Presence but not accumulation of serotype 3 capsule in the brain parenchyma of rats with pneumococcal meningitis. (A) Brain tissue sections were stained for serotype 3 polysaccharide capsule (red), and the whole-tissue sections were imaged with autofluorescence under UV light. Per time point, tissue sections from one rat of the sham (noninfected) control group and three rats of the meningitis group with two sections per rat were analyzed in total.
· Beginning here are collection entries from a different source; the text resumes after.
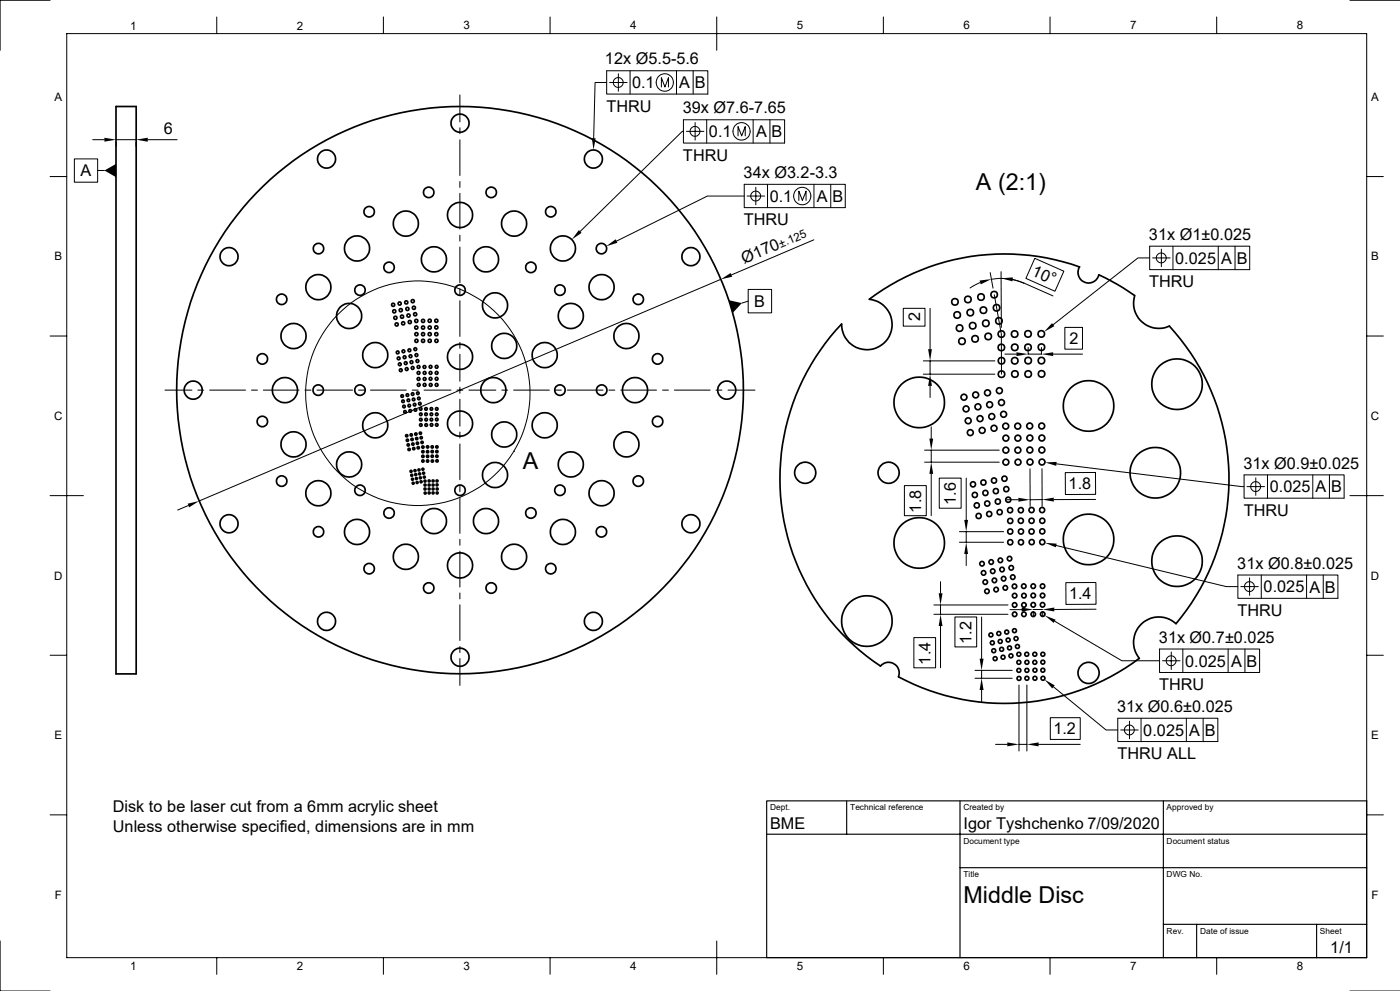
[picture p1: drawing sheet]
<svg xmlns="http://www.w3.org/2000/svg" width="420mm" height="297mm" viewBox="0 0 420 297" stroke-linecap="round" stroke-linejoin="round" font-family="sans-serif">
<g fill="none" stroke="#000" stroke-width=".51">
<path d="M34.8 31.9h6.1v170.1h-6.1zM323.8 80a3.2 3.2 0 0 0 1.6 4.6 3.2 3.2 0 0 0 4.2-2.3M260.8 89.7a7.6 7.6 0 0 1 6.8 8.1 7.6 7.6 0 0 1-7.9 7 7.6 7.6 0 0 1-7.2-7.7 67.3 67.3 0 0 0 11.6 102.5M323.8 80a67.1 67.1 0 0 0-63 9.7M329.7 82.4l5.5 2.8 5.2 3.4M340.4 88.6a7.6 7.6 0 0 0 2.2 7.9 7.6 7.6 0 0 0 8.2 1.2 67.3 67.3 0 0 1 2 89.2M341.8 197.3a67.4 67.4 0 0 1-72.3 5.6 3.2 3.2 0 0 0-1.3-3.9 3.2 3.2 0 0 0-4.1 .6M352.8 186.9a7.6 7.6 0 0 0-10.4 .1 7.6 7.6 0 0 0-.6 10.4"/>
<circle cx="138" cy="36.9" r="2.71"/>
<circle cx="98" cy="47.7" r="2.71"/>
<circle cx="128.6" cy="57.6" r="1.57"/>
<circle cx="147.4" cy="57.6" r="1.57"/>
<circle cx="178" cy="47.7" r="2.71"/>
<circle cx="68.7" cy="76.9" r="2.71"/>
<circle cx="95.5" cy="74.5" r="1.57"/>
<circle cx="107.1" cy="74.5" r="3.8"/>
<circle cx="110.7" cy="63.4" r="1.57"/>
<circle cx="121.8" cy="67" r="3.8"/>
<circle cx="130.2" cy="77.7" r="3.8"/>
<circle cx="138" cy="64.4" r="3.8"/>
<circle cx="145.8" cy="77.7" r="3.8"/>
<circle cx="154.2" cy="67" r="3.8"/>
<circle cx="165.2" cy="63.4" r="1.57"/>
<circle cx="168.9" cy="74.5" r="3.8"/>
<circle cx="180.4" cy="74.5" r="1.57"/>
<circle cx="207.3" cy="76.9" r="2.71"/>
<circle cx="84.5" cy="89.7" r="1.57"/>
<circle cx="95.5" cy="86.1" r="3.8"/>
<circle cx="104.7" cy="94.7" r="3.8"/>
<circle cx="108" cy="86.9" r="1.57"/>
<circle cx="116.7" cy="80.1" r="1.57"/>
<circle cx="117.9" cy="91.4" r=".47"/>
<circle cx="118.3" cy="93.3" r=".47"/>
<circle cx="118.6" cy="95.3" r=".47"/>
<circle cx="119" cy="97.2" r=".47"/>
<circle cx="119.9" cy="91" r=".47"/>
<circle cx="120.2" cy="93" r=".47"/>
<circle cx="120.6" cy="94.9" r=".47"/>
<circle cx="120.9" cy="96.9" r=".47"/>
<circle cx="121.9" cy="90.6" r=".47"/>
<circle cx="122.2" cy="92.6" r=".47"/>
<circle cx="122.5" cy="94.6" r=".47"/>
<circle cx="122.9" cy="96.5" r=".47"/>
<circle cx="123.8" cy="90.3" r=".47"/>
<circle cx="124.2" cy="92.2" r=".47"/>
<circle cx="124.5" cy="94.2" r=".47"/>
<circle cx="124.9" cy="98.2" r=".47"/>
<circle cx="124.9" cy="96.2" r=".47"/>
<circle cx="126.9" cy="96.2" r=".47"/>
<circle cx="126.9" cy="98.2" r=".47"/>
<circle cx="128.9" cy="98.2" r=".47"/>
<circle cx="128.9" cy="96.1" r=".47"/>
<circle cx="130.9" cy="98.1" r=".47"/>
<circle cx="130.9" cy="96.1" r=".47"/>
<circle cx="138" cy="86.9" r="1.57"/>
<circle cx="148.5" cy="91.5" r="3.8"/>
<circle cx="159.3" cy="80.1" r="1.57"/>
<circle cx="168" cy="86.9" r="1.57"/>
<circle cx="171.2" cy="94.7" r="3.8"/>
<circle cx="180.5" cy="86.1" r="3.8"/>
<circle cx="191.5" cy="89.7" r="1.57"/>
<circle cx="286.5" cy="90.5" r=".98"/>
<circle cx="287.1" cy="94.4" r=".98"/>
<circle cx="287.9" cy="98.4" r=".98"/>
<circle cx="290.4" cy="89.8" r=".98"/>
<circle cx="291.1" cy="93.7" r=".98"/>
<circle cx="291.8" cy="97.6" r=".98"/>
<circle cx="294.3" cy="89" r=".98"/>
<circle cx="295" cy="93" r=".98"/>
<circle cx="295.7" cy="96.9" r=".98"/>
<circle cx="298.2" cy="88.3" r=".98"/>
<circle cx="298.9" cy="92.3" r=".98"/>
<circle cx="299.7" cy="96.2" r=".98"/>
<circle cx="58" cy="116.9" r="2.71"/>
<circle cx="78.7" cy="107.6" r="1.57"/>
<circle cx="85.5" cy="116.9" r="3.8"/>
<circle cx="88.1" cy="100.7" r="3.8"/>
<circle cx="95.5" cy="116.9" r="1.57"/>
<circle cx="108" cy="116.9" r="1.57"/>
<circle cx="112.6" cy="106.4" r="3.8"/>
<circle cx="119.3" cy="105.6" r=".43"/>
<circle cx="119.6" cy="107.4" r=".43"/>
<circle cx="119.9" cy="109.2" r=".43"/>
<circle cx="120.2" cy="111" r=".43"/>
<circle cx="120.6" cy="118.7" r=".39"/>
<circle cx="121" cy="105.3" r=".43"/>
<circle cx="121.4" cy="107.1" r=".43"/>
<circle cx="121.7" cy="108.8" r=".43"/>
<circle cx="122" cy="110.6" r=".43"/>
<circle cx="122.2" cy="118.4" r=".39"/>
<circle cx="122.5" cy="120" r=".39"/>
<circle cx="122.8" cy="105" r=".43"/>
<circle cx="123.1" cy="106.8" r=".43"/>
<circle cx="123.4" cy="108.5" r=".43"/>
<circle cx="123.8" cy="118.1" r=".39"/>
<circle cx="123.8" cy="110.3" r=".43"/>
<circle cx="124.1" cy="119.7" r=".39"/>
<circle cx="124.6" cy="104.6" r=".43"/>
<circle cx="124.9" cy="102.2" r=".47"/>
<circle cx="124.9" cy="100.2" r=".47"/>
<circle cx="124.9" cy="106.4" r=".43"/>
<circle cx="125.2" cy="108.2" r=".43"/>
<circle cx="125.3" cy="117.9" r=".39"/>
<circle cx="125.6" cy="111.8" r=".43"/>
<circle cx="125.6" cy="113.6" r=".43"/>
<circle cx="125.6" cy="110" r=".43"/>
<circle cx="125.6" cy="115.4" r=".43"/>
<circle cx="125.6" cy="119.4" r=".39"/>
<circle cx="126.9" cy="100.2" r=".47"/>
<circle cx="126.9" cy="102.2" r=".47"/>
<circle cx="127.3" cy="110" r=".43"/>
<circle cx="127.4" cy="115.4" r=".43"/>
<circle cx="127.4" cy="113.6" r=".43"/>
<circle cx="127.4" cy="111.8" r=".43"/>
<circle cx="128.9" cy="102.2" r=".47"/>
<circle cx="128.9" cy="100.2" r=".47"/>
<circle cx="129.2" cy="109.9" r=".43"/>
<circle cx="129.2" cy="111.8" r=".43"/>
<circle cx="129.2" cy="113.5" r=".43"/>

One representative image is shown per group (sham or meningitis) per time point. (B) Quantification of the fluorescence signal of the pneumococcal capsule stained in panel A. Data are shown as mean and standard deviation. n.s., nonsignificant.

FIG 7

Neuroinflammation and neuronal damage increase over time during pneumococcal infection with a malfunctioning glymphatic system. (A) The total protein content of brain homogenate samples was measured after Coomassie staining. S, sham (noninfected) control; M, meningitis. The numbers 1 to 5 refer to the rat number in the group (sham or meningitis) per time point. (B and C) Western blot detection of IFN-γ (B) and TMEM119 (C) was performed using brain homogenate samples of rats from sham and meningitis groups. Since both TMEM119 and IFN-γ are, respectively, microglial and microglial/macrophage markers present in the brain independently from the infection, brain homogenates from three sham rats were analyzed. Due to excessive bleeding, one brain (M5) from the 72-h time point was not used for this analysis. (D and E) The percentages of IFN-γ/total protein content (D) and TMEM119/total protein content (E) were finally calculated using ImageJ. Data are shown as mean and standard deviation. *, P < 0.05; **, P < 0.01; n.s., nonsignificant. As a negative control, brain homogenate samples from three rats of the sham group per time point were analyzed. The numbers 1 to 5 refer to the rat number in the group (sham or meningitis) per time point. (The total protein content was measured after the Coomassie staining shown in Fig. 6A.) (F) The total protein content of serum samples was first measured after Coomassie staining. S, sham control; M, meningitis. The numbers 1 to 5 refer to the rat number in the group (sham or meningitis) per time point, and the black arrow points toward an enhanced intensity of the Coomassie staining around the molecular weight of NSE (around 40 kDa), which is particularly evident for the meningitis group at 24 and 72 h. (G) The same volume of the same samples was then used for Western blot analysis for the detection of NSE. A lysate of differentiated neurons from SH-SY5Y cells was used as a positive control (+). (H) The percentage of NSE/total protein content was finally calculated using ImageJ, and data are shown as mean and standard deviation. *, P < 0.05; n.s., nonsignificant.

FIG 8

Loss of neuronal synaptic connections and consequent impairment of neurological functions during pneumococcal meningitis with a malfunctioning glymphatic system. (A) Brain tissue sections were stained for a combination of MAP2 and Tau proteins (red), and the whole-tissue sections were imaged with autofluorescence under UV light. Per time point, tissue sections from three rats of the sham (noninfected) group and three rats of the meningitis group with two sections per rat were analyzed in total. One representative image is shown per group (sham or meningitis) per time point. (B) Quantification of the fluorescence signal of MAP2+Tau stained in Fig. 5A. Data are shown as mean and standard deviation. **, P < 0.01; n.s., nonsignificant. (C) Open-field task 10 days after pneumococcal meningitis induction. Data from the open field task were reported as the mean and standard error of mean values and analyzed by paired Student's t tests (n = 9 animals per group). *, P < 0.05 versus training session.